Ainda que assim não fosse, é de se ver, conforme especificamente indicado na Decisão recorrida, que a Recorrente não logrou êxito em demonstrar que a Resolução CNJ 306 impôs novas atribuições aos servidores do Poder Judiciário.

Com efeito, tanto na petição inicial, quanto na peça recursal, a FENAJUD apresentou afirmações genéricas, não cotejou as atribuições confiadas aos mencionados servidores na legislação estadual com aquelas previstas no Ato resolutivo do CNJ e sequer acostou aos autos exemplos de efetivo desvio de função.  

De outro lado, o detalhado Parecer, emitido pelo Departamento de Monitoramento e Fiscalização do Sistema Carcerário e do Sistema de Execução de Medidas Socioeducativas (DMF) e utilizado como alicerce do decisum objurgado, foi contundente ao especificar todas as nuances que envolvem a atuação do Poder Judiciário no procedimento de identificação das pessoas privadas de liberdade.

No que respeita às atribuições dos servidores do Poder Judiciário relacionadas ao fomento para a emissão de documentos civis e à identificação civil, apresentou panorama concreto de atuação e demonstrou a inexistência de desvio de função, uma vez que tais atividades se enquadram em suas atribuições gerais.

Nesse ponto, merece destaque a informação de que houve apenas uma atualização tecnológica do procedimento de identificação.
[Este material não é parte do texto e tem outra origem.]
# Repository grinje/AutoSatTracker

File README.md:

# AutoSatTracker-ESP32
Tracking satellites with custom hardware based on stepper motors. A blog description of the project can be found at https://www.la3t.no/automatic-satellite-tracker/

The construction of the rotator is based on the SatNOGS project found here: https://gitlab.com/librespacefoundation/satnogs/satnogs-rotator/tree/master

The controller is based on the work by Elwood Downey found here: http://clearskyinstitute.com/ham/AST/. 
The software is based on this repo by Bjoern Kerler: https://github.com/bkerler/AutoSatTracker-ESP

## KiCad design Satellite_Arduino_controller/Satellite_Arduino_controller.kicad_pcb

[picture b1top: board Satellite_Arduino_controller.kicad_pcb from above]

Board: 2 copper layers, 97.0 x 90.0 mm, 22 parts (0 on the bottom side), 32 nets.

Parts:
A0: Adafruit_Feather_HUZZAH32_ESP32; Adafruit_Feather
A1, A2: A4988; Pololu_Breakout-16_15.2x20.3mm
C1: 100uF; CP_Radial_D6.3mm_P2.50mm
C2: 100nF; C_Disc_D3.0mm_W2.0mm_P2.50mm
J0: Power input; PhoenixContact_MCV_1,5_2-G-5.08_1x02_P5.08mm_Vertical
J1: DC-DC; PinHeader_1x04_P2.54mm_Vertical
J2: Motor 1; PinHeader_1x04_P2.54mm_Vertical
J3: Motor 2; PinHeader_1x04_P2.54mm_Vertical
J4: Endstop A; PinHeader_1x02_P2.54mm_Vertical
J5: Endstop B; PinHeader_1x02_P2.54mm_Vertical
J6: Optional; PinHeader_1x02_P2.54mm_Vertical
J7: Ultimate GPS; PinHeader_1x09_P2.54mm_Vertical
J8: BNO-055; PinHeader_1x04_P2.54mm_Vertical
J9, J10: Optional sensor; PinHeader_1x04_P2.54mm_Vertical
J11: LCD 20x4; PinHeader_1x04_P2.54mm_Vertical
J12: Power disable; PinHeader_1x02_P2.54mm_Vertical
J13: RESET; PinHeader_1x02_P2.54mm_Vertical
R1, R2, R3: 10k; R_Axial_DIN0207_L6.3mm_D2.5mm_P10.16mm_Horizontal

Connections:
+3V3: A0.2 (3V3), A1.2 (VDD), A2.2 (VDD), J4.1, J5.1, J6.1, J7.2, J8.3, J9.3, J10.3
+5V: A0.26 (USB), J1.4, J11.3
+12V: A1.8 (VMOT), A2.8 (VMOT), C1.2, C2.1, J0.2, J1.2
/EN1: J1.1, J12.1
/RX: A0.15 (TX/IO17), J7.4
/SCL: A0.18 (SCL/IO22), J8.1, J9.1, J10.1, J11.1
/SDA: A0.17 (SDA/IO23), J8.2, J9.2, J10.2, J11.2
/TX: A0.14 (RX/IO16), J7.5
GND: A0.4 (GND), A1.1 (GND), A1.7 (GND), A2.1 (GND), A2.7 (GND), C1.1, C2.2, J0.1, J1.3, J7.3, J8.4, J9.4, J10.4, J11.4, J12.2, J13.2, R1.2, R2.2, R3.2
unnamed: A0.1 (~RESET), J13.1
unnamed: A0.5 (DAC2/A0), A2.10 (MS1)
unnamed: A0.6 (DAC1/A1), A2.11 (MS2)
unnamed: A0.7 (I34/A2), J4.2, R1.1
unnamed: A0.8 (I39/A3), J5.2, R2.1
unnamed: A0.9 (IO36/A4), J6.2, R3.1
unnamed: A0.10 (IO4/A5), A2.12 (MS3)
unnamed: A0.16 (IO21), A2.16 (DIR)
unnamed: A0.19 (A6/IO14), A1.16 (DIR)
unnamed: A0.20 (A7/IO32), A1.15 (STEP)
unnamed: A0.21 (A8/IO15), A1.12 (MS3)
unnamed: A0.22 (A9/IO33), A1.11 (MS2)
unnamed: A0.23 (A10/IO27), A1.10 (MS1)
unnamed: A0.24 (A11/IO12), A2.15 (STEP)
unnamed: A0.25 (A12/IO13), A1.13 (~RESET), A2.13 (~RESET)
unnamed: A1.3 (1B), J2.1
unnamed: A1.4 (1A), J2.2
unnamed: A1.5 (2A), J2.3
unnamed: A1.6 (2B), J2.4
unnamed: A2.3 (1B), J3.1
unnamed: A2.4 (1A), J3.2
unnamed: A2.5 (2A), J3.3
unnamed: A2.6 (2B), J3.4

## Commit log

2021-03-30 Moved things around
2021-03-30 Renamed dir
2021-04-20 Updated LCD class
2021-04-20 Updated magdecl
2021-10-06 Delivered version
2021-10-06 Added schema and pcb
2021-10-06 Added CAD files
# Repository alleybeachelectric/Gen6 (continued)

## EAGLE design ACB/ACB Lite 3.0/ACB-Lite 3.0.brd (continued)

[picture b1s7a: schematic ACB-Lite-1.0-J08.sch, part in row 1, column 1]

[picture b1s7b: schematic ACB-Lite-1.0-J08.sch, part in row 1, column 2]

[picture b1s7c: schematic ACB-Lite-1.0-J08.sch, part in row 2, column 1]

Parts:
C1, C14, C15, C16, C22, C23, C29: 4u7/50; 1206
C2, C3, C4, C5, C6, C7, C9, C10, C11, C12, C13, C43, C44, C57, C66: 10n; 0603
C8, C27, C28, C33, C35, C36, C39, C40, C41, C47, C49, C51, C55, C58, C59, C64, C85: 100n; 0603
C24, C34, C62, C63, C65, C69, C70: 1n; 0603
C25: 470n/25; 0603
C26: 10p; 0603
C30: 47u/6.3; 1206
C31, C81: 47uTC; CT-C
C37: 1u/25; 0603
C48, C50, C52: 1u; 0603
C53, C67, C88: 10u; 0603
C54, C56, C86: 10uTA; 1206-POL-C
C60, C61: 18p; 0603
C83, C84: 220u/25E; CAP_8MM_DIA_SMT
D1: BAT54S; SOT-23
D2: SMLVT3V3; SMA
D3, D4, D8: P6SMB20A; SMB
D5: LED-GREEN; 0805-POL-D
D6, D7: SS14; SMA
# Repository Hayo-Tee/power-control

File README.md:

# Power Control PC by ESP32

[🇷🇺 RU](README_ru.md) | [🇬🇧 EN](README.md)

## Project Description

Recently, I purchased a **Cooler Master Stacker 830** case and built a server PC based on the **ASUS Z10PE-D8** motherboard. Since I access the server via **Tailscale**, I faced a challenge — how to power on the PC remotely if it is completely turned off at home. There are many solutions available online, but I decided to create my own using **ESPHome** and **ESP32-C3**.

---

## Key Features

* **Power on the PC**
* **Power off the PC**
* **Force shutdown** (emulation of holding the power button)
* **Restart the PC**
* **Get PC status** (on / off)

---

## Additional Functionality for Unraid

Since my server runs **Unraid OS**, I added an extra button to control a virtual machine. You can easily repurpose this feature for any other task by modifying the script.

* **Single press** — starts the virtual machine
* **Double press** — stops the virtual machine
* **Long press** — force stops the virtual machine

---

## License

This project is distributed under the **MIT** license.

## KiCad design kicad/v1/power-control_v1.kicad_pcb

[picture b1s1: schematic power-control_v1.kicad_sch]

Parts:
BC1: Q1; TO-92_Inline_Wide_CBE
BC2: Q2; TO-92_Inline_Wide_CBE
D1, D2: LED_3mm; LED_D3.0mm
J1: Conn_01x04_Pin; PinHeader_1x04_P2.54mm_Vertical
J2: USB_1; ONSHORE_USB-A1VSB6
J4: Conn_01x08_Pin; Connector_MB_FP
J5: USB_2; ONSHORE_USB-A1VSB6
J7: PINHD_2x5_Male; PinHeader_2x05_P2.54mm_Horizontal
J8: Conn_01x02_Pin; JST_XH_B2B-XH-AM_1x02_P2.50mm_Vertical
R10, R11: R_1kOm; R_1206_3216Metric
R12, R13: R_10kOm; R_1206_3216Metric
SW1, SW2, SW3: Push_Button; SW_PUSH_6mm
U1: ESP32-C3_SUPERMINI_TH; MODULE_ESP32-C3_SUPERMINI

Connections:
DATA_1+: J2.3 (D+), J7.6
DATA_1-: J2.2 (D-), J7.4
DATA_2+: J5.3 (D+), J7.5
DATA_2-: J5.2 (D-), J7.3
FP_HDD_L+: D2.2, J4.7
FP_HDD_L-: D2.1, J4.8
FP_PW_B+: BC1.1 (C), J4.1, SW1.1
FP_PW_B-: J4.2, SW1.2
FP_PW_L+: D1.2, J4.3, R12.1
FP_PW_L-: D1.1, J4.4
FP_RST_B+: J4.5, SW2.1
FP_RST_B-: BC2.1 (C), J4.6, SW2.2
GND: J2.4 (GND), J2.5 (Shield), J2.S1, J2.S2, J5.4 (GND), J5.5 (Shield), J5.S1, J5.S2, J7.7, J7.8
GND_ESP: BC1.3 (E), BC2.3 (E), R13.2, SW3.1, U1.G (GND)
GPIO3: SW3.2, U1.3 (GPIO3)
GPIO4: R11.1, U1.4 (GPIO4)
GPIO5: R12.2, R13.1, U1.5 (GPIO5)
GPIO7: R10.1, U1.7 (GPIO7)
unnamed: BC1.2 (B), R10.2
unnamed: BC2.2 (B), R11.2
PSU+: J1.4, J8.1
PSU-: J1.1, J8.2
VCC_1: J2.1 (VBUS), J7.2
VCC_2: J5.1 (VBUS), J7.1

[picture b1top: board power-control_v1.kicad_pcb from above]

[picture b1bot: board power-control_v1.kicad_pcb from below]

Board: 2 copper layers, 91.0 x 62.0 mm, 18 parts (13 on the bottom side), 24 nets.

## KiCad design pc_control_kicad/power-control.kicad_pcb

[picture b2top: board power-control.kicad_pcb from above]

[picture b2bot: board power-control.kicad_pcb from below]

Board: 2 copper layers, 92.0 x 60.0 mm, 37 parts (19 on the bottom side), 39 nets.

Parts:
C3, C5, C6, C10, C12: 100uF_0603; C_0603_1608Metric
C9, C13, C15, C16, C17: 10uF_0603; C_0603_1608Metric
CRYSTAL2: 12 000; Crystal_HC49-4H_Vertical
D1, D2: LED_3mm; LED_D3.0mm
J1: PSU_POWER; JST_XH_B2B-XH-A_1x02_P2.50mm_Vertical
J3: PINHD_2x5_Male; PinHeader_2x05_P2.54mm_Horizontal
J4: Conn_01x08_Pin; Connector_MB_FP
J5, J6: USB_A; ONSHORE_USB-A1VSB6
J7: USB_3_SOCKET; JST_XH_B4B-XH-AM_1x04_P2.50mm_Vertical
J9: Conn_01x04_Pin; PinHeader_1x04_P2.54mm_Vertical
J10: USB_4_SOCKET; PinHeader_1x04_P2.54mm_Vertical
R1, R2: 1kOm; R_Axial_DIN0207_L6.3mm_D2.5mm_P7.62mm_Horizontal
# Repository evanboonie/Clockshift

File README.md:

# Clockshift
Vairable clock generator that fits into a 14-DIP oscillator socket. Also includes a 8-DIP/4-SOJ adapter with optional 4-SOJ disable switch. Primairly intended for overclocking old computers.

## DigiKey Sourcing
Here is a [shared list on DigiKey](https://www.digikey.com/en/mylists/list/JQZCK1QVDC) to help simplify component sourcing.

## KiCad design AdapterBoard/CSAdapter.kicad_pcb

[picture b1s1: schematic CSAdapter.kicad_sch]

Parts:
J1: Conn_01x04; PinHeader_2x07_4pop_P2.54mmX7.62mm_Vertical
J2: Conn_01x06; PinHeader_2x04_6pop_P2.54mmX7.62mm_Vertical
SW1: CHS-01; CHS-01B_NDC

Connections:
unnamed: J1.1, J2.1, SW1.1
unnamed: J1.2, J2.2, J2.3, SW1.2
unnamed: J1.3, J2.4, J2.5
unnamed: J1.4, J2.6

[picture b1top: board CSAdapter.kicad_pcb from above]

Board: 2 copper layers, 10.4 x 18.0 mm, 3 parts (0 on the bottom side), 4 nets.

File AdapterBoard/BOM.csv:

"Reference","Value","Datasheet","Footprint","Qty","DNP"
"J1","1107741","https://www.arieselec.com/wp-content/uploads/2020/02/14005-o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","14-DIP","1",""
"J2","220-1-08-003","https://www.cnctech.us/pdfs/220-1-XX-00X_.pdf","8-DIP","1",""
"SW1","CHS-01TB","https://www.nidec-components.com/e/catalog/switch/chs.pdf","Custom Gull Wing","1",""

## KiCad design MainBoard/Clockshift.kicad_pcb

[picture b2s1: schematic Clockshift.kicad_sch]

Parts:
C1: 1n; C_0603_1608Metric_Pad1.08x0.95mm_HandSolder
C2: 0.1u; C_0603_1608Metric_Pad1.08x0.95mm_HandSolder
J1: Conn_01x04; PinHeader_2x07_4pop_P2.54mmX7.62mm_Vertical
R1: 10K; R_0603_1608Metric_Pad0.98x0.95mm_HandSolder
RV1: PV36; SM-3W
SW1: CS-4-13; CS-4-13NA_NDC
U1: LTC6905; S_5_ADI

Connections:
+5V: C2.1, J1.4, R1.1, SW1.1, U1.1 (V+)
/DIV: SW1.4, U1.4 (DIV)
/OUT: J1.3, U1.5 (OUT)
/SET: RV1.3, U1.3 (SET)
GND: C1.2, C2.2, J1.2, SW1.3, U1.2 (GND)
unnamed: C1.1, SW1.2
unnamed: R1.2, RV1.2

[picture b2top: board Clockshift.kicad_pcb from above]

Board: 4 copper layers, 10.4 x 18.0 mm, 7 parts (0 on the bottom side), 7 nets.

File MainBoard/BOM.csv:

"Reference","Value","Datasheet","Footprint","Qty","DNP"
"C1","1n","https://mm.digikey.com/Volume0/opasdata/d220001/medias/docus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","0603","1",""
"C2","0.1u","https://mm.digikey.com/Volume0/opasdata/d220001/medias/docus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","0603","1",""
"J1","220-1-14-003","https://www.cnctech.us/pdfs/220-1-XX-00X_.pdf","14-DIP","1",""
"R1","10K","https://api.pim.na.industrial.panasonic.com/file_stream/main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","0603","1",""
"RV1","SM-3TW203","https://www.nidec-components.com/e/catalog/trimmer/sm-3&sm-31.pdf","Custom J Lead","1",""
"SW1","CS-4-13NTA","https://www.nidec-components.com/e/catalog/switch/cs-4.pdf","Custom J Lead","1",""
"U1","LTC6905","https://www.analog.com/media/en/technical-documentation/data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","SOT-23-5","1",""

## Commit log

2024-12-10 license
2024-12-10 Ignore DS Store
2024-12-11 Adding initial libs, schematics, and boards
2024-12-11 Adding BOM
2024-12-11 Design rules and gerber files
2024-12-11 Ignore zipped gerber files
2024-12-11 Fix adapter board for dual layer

Antes o ato consistia em mera conferência do documento de identidade (RG ou equivalente), apresentado pela pessoa ao serventuário da Justiça; agora passou a ser realizada uma identificação civil muito mais rigorosa, por meio da identificação biométrica.

Todavia, em nenhuma medida, a execução dessa atividade é extraordinária ou estranha às atribuições dos servidores do Poder Judiciário, haja vista que a identificação biométrica passa a fazer parte da qualificação da pessoa apresentada em juízo, tarefa de há muito por eles executada.

De igual forma, o “preenchimento do cadastro nos sistemas e bancos de dados utilizados pela instituição, que apenas passará a ser qualificada pelo uso da tecnologia”, integra tarefa desempenhada pelos mencionados agentes públicos, sendo certo que a emissão de documentação civil continuará a ser realizada pelos órgãos emissores competentes.

Note-se, por fim, que a prestação do serviço público de justiça acompanha, nos seus escopos, seus instrumentos e seus métodos de trabalho, as próprias transformações sociais, administrativas e tecnológicas. A prevalência da tese da inicial implicaria reconhecer, por via contrária, que a mudança do processo em meio papel para o meio eletrônico, ou emissão de documentos processuais em formato digital e não mais em formato papel, a utilização de controles de ponto eletrônicos na gestão ou as reuniões por videoconferência, por exemplo, que inexistiam quando da realização dos concursos públicos e do ingresso de boa parte dos servidores, não poderiam ser realizadas por estes, ou, mais, que isso seria possível apenas depois de instituída legalmente uma “espécie de compensação” aos servidores, o que é de todo desarrazoado. 

Ante o exposto, considerando que não foram submetidos à análise novos fatos ou razões diversas, capazes de infirmar os fundamentos da Decisão monocrática, mantenho-a integralmente.

Por todo o exposto, conheço do Recurso e, no mérito, nego-lhe provimento. 

É como voto.

Após as comunicações de praxe, arquivem-se.

À Secretaria Processual para as providências. 

Brasília-DF, data registrada no sistema.

 

Conselheiro GIOVANNI OLSSON

Relator



[1] Art. 115. A autoridade judiciária ou o interessado que se considerar prejudicado por decisão do Presidente, do Corregedor Nacional de Justiça ou do Relator poderá, no prazo de cinco (5) dias, contados da sua intimação, interpor recurso administrativo ao Plenário do CNJ. § 1º São recorríveis apenas as decisões monocráticas terminativas de que manifestamente resultar ou puder resultar restrição de direito ou prerrogativa, determinação de conduta ou anulação de ato ou decisão, nos casos de processo disciplinar, reclamação disciplinar, representação por excesso de prazo, procedimento de controle administrativo ou pedido de providências.